Now dump the stack to try to find parameters to the function we just returned from.

0:002> dd esp
02cff728  7484c752 00000003 64cdf388 00000001
02cff738  00000000 00000000 525d7525 011a6f40
02cff748  00000000 74e5002e 00000004 00000018
02cff758  40000060 00000000 7484ee9c 767f3b30
02cff768  00000000 0000020c 00000000 00000004
02cff778  64735f28 64735f28 7681301e 011b2ad0
02cff788  011b2abc 7722dc34 74841129 00000158
02cff798  00000000 74841151 525d7a75 000007d0

Looking at the values pointed to by the third item on the stack, it looks like a series of handles, the first of which is the handle to the notification object.

0:002> dd 64cdf388
64cdf388  00000120 00000158 000001b8 011a6f20
64cdf398  00000000 00000000 6475d2f4 00000005

So it looks like the handles are passed into the kernel wait method, and we need to see what happens to the return value from WaitForMultipleObjectsEx.

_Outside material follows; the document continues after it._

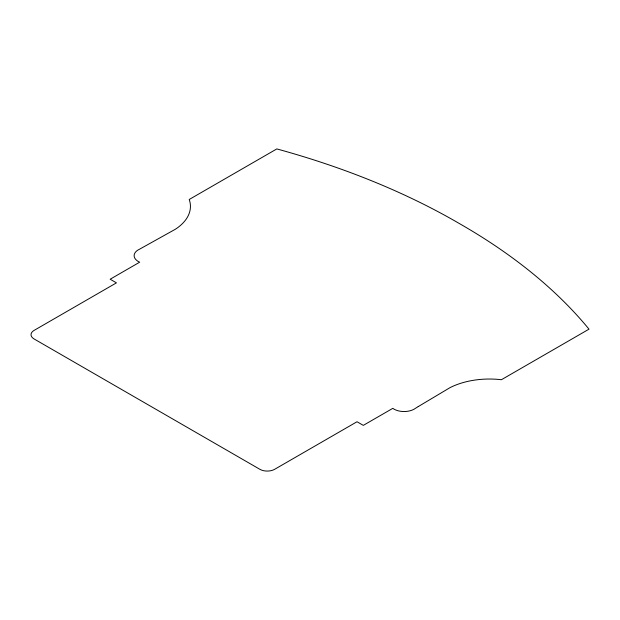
<?xml version="1.0" encoding="UTF-8"?>
<svg xmlns="http://www.w3.org/2000/svg" width="620" height="620" viewBox="0 0 620 620"><rect width="100%" height="100%" fill="white"/><g stroke="black" fill="none" stroke-linecap="round" stroke-linejoin="round"><path stroke-width="0.93" d="M418.221 406.596L415.408 408.347A14.322 8.269 0 0 1 392.801 408.347L363.304 425.374L357.019 421.747L274.637 469.317A10.424 6.022 0 0 1 259.888 469.317L34.053 338.931A10.424 6.022 0 0 1 34.053 330.421L116.444 282.852L110.158 279.225L139.663 262.198A14.322 8.269 0 0 1 139.647 249.147L175.429 229.214A59.574 34.395 0 0 0 189.224 199.485L276.815 148.924A647.164 373.635 0 0 1 459.552 223.657A647.164 373.635 0 0 1 589 329.158L501.41 379.727A59.574 34.395 0 0 0 449.926 387.694L418.221 406.596"/></g></svg>

I happen to know that it returns the index of the handle that was signalled, so we need to see what happens if the value zero is returned.

0:002> u 64787bc5
clr!WKS::WaitForFinalizerEvent+0xbe:
64787bc5 03c6            add     eax,esi
64787bc7 83e800          sub     eax,0
64787bca 0f844b451d00    je      clr!WKS::WaitForFinalizerEvent+0x12a (6495c11b)
64787bd0 83e802          sub     eax,2
64787bd3 7589            jne     clr!WKS::WaitForFinalizerEvent+0×292 (64787b5e)
64787bd5 33f6            xor     esi,esi
64787bd7 c7442414ffffffff mov     dword ptr [esp+14h],0FFFFFFFFh
64787bdf 89742418        mov     dword ptr [esp+18h],esi

We test and branch if the result is zero to the following code.

0:002> u 6495c11b
clr!WKS::WaitForFinalizerEvent+0x12a:
6495c11b 8b0d18f6cd64    mov     ecx,dword ptr [clr!GCHeap::FinalizerThread (64cdf618)]
6495c121 c7410801000000  mov     dword ptr [ecx+8],1
6495c128 833d84f4cd6400  cmp     dword ptr [clr!g_TrapReturningThreads (64cdf484)],0
6495c12f 7405            je      clr!WKS::WaitForFinalizerEvent+0×145 (6495c136)
6495c131 e8d324efff      call    clr!Thread::RareDisablePreemptiveGC (6484e609)
6495c136 8b0d88f4cd64    mov     ecx,dword ptr [clr!g_pGCHeap (64cdf488)]
6495c13c 6a02            push    2
6495c13e 8b01            mov     eax,dword ptr [ecx]
6495c140 6a01            push    1
6495c142 6a00            push    0
6495c144 ff5064          call    dword ptr [eax+64h]
6495c147 8b0d18f6cd64    mov     ecx,dword ptr [clr!GCHeap::FinalizerThread (64cdf618)]
6495c14d c7410800000000  mov     dword ptr [ecx+8],0
6495c154 8b4104          mov     eax,dword ptr [ecx+4]
6495c157 a85f            test    al,5Fh
6495c159 7405            je      clr!WKS::WaitForFinalizerEvent+0x16f (6495c160)

The target address is fetched by indirection, so we have to look at the relevant memory locations.

0:002> dd 64cdf488
64cdf488  0116c760 64ce6d70 646b1cec 00000000

0:002> dd 0116c760
0116c760  6475e0e8 abababab abababab feeefeee

0:002> dd 6475e0e8 +64h
6475e14c  6478c77f 64794b2c 64a09013 647877ac

And so we arrive at a function named GarbageCollect, which probably does what it says on the can.

0:002> u 6478c77f
clr!WKS::GCHeap::GarbageCollect:
6478c77f 55              push    ebp
6478c780 8bec            mov     ebp,esp
6478c782 51              push    ecx
6478c783 53              push    ebx
6478c784 56              push    esi
6478c785 8b7508          mov     esi,dword ptr [ebp+8]
6478c788 57              push    edi
6478c789 894dfc          mov     dword ptr [ebp-4],ecx

In summary then, low memory notifications cause our process to do a garbage collection, presumably with the intention of releasing memory back to the system. Though we are missing metadata, as long as we don’t need to go too deep into the code of an unmanaged method, it is possible to figure out what is going on.